1) There is no "good design". It is always a compromise of trying to satisfy
various practical constraints. OLAP vs OLTP probably rings a bell here. And
this Last / First name thing is laughable. The complexity of handling all
possible human names can be insane. Depending on the goal the proper design
can be anything starting from single field and up to some relational
structure.

2) The article itself looks like let's just write something up to score some
points.

------
yellowapple
> 4) Never store firstname and lastname in the same field

I have the opposite opinion: unless you have a specific reason why you need to
know one's "first name" and "last name" (e.g. to interface with some other
system that requires names to be split up like that), just use a single field
and stop caring about whether or not the name conforms to your preconceived
notions of format and structure.

------
emmelaich
(fwiw, I like the article, and I find it suitably humble)

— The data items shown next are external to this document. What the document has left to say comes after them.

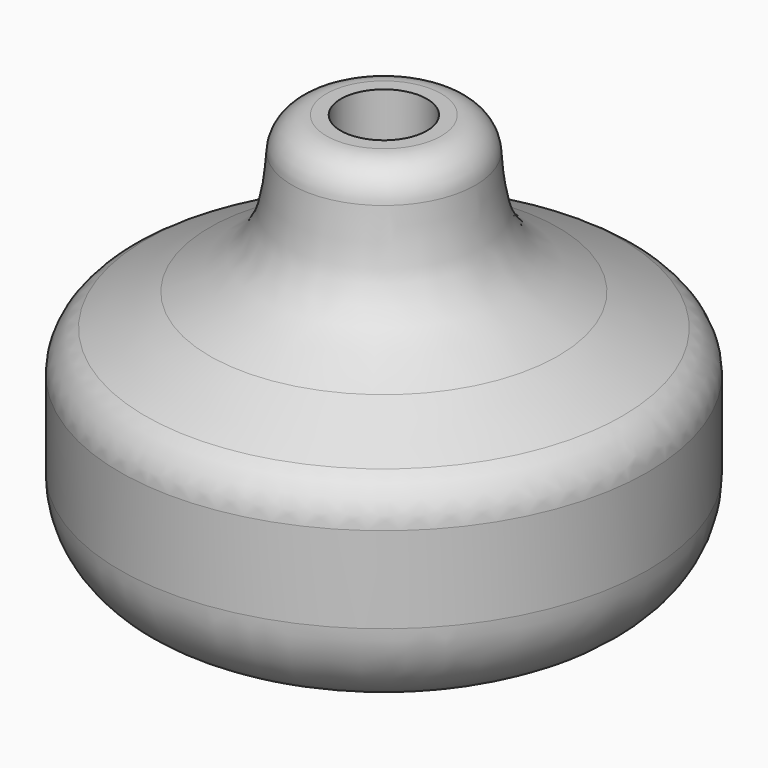
from build123d import *

# Parameters (mm, degrees)
F2_R     = 10.16
F3_R     = 5.08
F4_R     = 4.76885
F5_DEPTH = 11.43
F6_R     = 1.6002
F7_DEPTH = 19.685
F8_R     = 3.81


# Not quite as in the source:
# - a fillet or chamfer that OpenCascade refuses, or shapes differently, is made with other operations: its cross-section is extruded or revolved along the edge and cut away or added


with BuildPart() as f1:
    # F0 (on Front) → F1 (revolve)
    with BuildSketch(Plane.XZ):
        Polygon((0, 54.61), (0, 0), (10.16, 9.5882897328), (29.21, 9.5882897328), (29.21, 32.4482897328), (10.16, 41.9100038707), (10.16, 54.61), align=None)
    revolve(axis=Axis((0, 0, 27.305), (0, 0, 1)))

    # F2
    f2_edges = [f1.edges().sort_by_distance(p)[0] for p in [
        (-29.21, 0, 9.58829),
    ]]
    fillet(f2_edges, radius=F2_R)

    # F3
    f3_edges = [f1.edges().sort_by_distance(p)[0] for p in [
        (-29.21, 0, 32.44829),
    ]]
    fillet(f3_edges, radius=F3_R)

    # F4 (on face) → F5 (cut)
    with BuildSketch(Plane.XY.offset(54.61)):
        Circle(F4_R)
    extrude(amount=-F5_DEPTH, mode=Mode.SUBTRACT)

    # F6 (on Top) → F7 (cut)
    with BuildSketch(Plane.XY):
        Circle(F6_R)
    extrude(amount=F7_DEPTH, mode=Mode.SUBTRACT)

    # F8
    f8_edges = [f1.edges().sort_by_distance(p)[0] for p in [
        (-10.16, 0, 54.61),
    ]]
    fillet(f8_edges, radius=F8_R)

    # F9: fillet of radius 16.51 on 3 edges, made by hand

    # F9_s1 → F9_t2 (revolve)
    with BuildSketch(Plane.XZ):
        with BuildLine():
            add(Edge.make_bspline(
                [(10.1513687758, 51.056311199), (10.7891371387, 41.5975253532), (19.279794422, 37.3804034604)],
                knots=[0, 0, 0, 1, 1, 1], degree=2, weights=[1, 1.8571428571, 1]))
            Line((19.279794422, 37.3804034604), (18.5453771838, 35.9017445003))
            Line((18.5453771838, 35.9017445003), (9.4255827618, 40.4313449106))
            Line((9.4255827618, 40.4313449106), (8.509, 41.9100038707))
            ThreePointArc((8.509, 41.9100038707), (8.509, 50.8), (8.5041089729, 50.9452430127))
            Line((8.5041089729, 50.9452430127), (10.1513687758, 51.056311199))
        make_face()
    revolve(axis=Axis((0, 0, 41.9100038707), (0, 0, 1)))


solid = f1.part

Just want to hang a thought here ... depending on the precise definition of
First Normal Form, it is either impossible to avoid[0] or impossible to
enforce[1] without further constraints.

[0] if definition is "must be rectangular", i.e. all columns have the same
number of rows and all rows have the same number of columns.

[1] if the definition includes "do not allow duplicate rows"

------
reader_1000
The Data Model Resource Book [1] is a good resource how to design database. It
is a kind of reference book

[1] [https://www.wiley.com/en-
us/The+Data+Model+Resource+Book%2C+...](https://www.wiley.com/en-
us/The+Data+Model+Resource+Book%2C+Volume+1%3A+A+Library+of+Universal+Data+Models+for+All+Enterprises%2C+Revised+Edition-p-9780471380238)

------
rukuu001
This article is perfect if you're just getting started.

There's lore around design tricks to get the most out of a database, but it's
often implementation or domain specific.

You'll learn what rules to break, and why, as you solve real life production
problems.

FWIW - you can go a long, long, long way before de-normalising is actually
necessary.

------
DeathArrow
I wish there will be a DBMS which satisfy all aspects of CAP theorem and also
provide high performance.

Until then, we are stuck with RDBMS and NoSql as lesser evils based on the use
cases.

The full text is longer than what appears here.